È spesso entrato in polemica con la mania cabalistica che prova a quantificare il numero di siti e beni storico-artistici dell’Italia, dicendo che la cosa di cui andare veramente fieri è piuttosto la tradizione secolare di tutela che ha permesso al nostro patrimonio di essere così abbondante e diffuso. Perché è fondamentale che questa consapevolezza non sia legata esclusivamente a un’idea di profitto economico, ma piuttosto radicata in una visione etica?

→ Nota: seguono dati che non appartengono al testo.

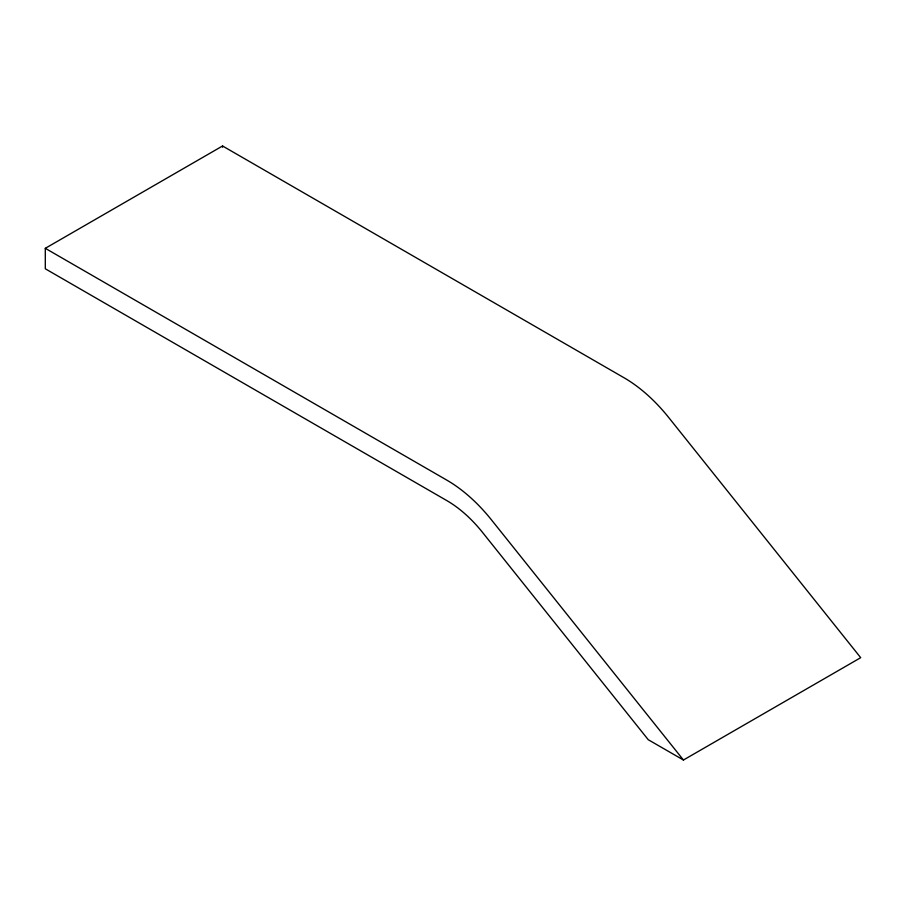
<?xml version="1.0" encoding="UTF-8"?>
<svg xmlns="http://www.w3.org/2000/svg" width="906" height="906" viewBox="0 0 906 906"><rect width="100%" height="100%" fill="white"/><g stroke="black" fill="none" stroke-linecap="round" stroke-linejoin="round"><path stroke-width="1.36" d="M45.3 248.323L222.559 145.979L624.03 377.757A125.345 72.367 60 0 1 668.685 417.485L860.7 657.677L683.441 760.021L648.254 739.715L482.49 532.354A100.272 57.893 60 0 0 446.76 500.565L45.3 268.788L45.3 248.323L446.76 480.101A125.345 72.367 60 0 1 491.426 519.829L683.441 760.021M222.559 145.979L222.559 147.259"/></g></svg>

“Una statistica universale del patrimonio culturale del globo non solo non esiste, ma è sostanzialmente impraticabile. Perciò chi favoleggia che l’Italia avrebbe il 70%, o il 50%, o che so io, del patrimonio artistico mondiale sta vaneggiando. Tuttavia, la singolare densità, capillarità, rilevanza del patrimonio archeologico, paesaggistico, artistico d’Italia è universalmente riconosciuta. Ma si tratta di una consapevolezza che, nella storia d’Italia dai Comuni in qua (con significativi antefatti giuridici nell’Impero romano), si è sempre accompagnata a misure di tutela, come nel famoso Costituto di Siena del 1309, dove si assegna al governo della città il compito primario di salvaguardarne la bellezza. Tutelare la propria memoria culturale significa prendere coscienza di sé non solo come individui, ma in quanto comunità. E ha come conseguenza non una vuota fierezza, ma un senso di civismo e di solidarietà (parola ricorrente nella Costituzione) che genera forza morale, coesione sociale, produttività economica. L’Educazione Civica dovrebbe saper trasmettere anche questo”.
Salvatore Settis, archeologo e storico dell’arte, ha diretto il Getty Research Institute di Los Angeles e la Scuola Normale Superiore di Pisa. È stato, inoltre, presidente del Consiglio Superiore dei Beni Culturali (2007-2009) e membro fondatore di European Research Council (2005-2011). Dal 2010 presiede il Consiglio Scientifico del Louvre. E’ membro anche dell’Accademia dei Lincei, delle Accademie di Francia, di Berlino, di Baviera e del Belgio, dell’American Philosophical Society di Philadelphia e dell’American Academy of Arts and Sciences.
Tra gli innumerevoli scritti dedicati alla difesa dell’ambiente e alla battaglia contro il degrado civile, ricordiamo “Italia S.p.A. L’assalto al patrimonio culturale”, 2002; “Paesaggio Costituzione cemento. La battaglia per l’ambiente contro il degrado civile”, “Costituzione! Perché attuarla è meglio che cambiarla”, 2016; “Architettura e democrazia. Paesaggio, città, diritti civili”, 2017; “Cieli d’Europa. Cultura, creatività, uguaglianza”, 2017.